▸ YOUR OBJECTIVE
The word "EAGLE" turns up on some lines of this data; say how many, and give no other text.

Data extracted from a collection:
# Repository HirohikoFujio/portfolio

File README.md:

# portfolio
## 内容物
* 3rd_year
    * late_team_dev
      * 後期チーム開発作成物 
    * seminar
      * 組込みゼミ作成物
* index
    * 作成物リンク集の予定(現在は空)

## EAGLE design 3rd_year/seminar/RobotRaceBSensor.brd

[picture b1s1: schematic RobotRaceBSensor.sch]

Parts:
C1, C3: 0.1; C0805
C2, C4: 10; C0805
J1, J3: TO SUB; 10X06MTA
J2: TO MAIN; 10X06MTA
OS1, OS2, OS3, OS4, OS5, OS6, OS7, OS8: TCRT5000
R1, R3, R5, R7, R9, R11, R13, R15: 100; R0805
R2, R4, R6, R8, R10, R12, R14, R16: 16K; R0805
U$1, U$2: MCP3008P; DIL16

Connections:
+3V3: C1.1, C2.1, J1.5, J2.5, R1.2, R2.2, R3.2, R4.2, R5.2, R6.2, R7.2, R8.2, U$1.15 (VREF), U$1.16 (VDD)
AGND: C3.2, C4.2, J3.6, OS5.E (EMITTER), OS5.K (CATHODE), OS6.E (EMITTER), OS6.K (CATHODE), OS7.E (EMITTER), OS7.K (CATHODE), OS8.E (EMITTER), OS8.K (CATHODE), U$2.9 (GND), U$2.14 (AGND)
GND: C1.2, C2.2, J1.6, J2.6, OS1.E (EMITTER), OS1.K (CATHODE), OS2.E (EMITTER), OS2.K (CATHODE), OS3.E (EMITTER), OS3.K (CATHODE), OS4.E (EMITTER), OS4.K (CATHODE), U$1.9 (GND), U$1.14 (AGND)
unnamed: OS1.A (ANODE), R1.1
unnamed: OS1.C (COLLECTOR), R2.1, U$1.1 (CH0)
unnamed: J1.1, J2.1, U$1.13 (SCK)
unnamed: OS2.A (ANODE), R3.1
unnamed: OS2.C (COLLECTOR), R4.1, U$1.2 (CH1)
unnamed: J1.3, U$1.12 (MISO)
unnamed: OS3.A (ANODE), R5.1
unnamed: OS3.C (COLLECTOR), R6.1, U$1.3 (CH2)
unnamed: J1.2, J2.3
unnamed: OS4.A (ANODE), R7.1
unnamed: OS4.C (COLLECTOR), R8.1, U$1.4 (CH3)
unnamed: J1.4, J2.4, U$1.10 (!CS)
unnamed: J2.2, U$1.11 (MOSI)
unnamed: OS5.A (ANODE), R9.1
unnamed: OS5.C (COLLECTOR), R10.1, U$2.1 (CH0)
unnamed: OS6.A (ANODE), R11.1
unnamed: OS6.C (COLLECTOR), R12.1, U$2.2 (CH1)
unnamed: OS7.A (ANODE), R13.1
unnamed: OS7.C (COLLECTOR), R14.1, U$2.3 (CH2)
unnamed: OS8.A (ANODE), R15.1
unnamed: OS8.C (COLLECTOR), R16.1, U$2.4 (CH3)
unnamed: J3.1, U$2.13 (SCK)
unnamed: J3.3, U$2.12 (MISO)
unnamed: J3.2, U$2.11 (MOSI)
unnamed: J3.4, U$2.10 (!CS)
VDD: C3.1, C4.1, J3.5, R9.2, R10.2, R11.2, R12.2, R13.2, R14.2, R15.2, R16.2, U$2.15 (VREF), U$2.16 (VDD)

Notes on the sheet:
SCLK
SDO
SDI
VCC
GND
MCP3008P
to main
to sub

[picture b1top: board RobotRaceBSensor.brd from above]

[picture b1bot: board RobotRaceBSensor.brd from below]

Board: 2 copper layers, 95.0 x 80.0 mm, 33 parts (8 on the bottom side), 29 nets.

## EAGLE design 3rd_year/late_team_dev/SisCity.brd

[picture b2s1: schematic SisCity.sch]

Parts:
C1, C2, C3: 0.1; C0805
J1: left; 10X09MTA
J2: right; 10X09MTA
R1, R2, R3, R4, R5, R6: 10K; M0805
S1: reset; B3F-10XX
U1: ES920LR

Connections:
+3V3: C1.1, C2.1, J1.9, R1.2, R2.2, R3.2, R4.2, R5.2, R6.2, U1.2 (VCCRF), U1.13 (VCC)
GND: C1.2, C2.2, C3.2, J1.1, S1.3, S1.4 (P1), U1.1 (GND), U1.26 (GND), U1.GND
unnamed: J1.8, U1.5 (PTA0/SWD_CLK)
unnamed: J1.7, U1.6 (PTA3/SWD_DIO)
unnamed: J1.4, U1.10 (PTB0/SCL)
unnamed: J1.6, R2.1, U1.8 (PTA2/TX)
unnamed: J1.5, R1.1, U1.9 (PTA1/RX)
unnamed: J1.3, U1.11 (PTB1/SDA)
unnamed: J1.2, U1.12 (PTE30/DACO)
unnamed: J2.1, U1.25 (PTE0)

▸ TASK ANSWER
2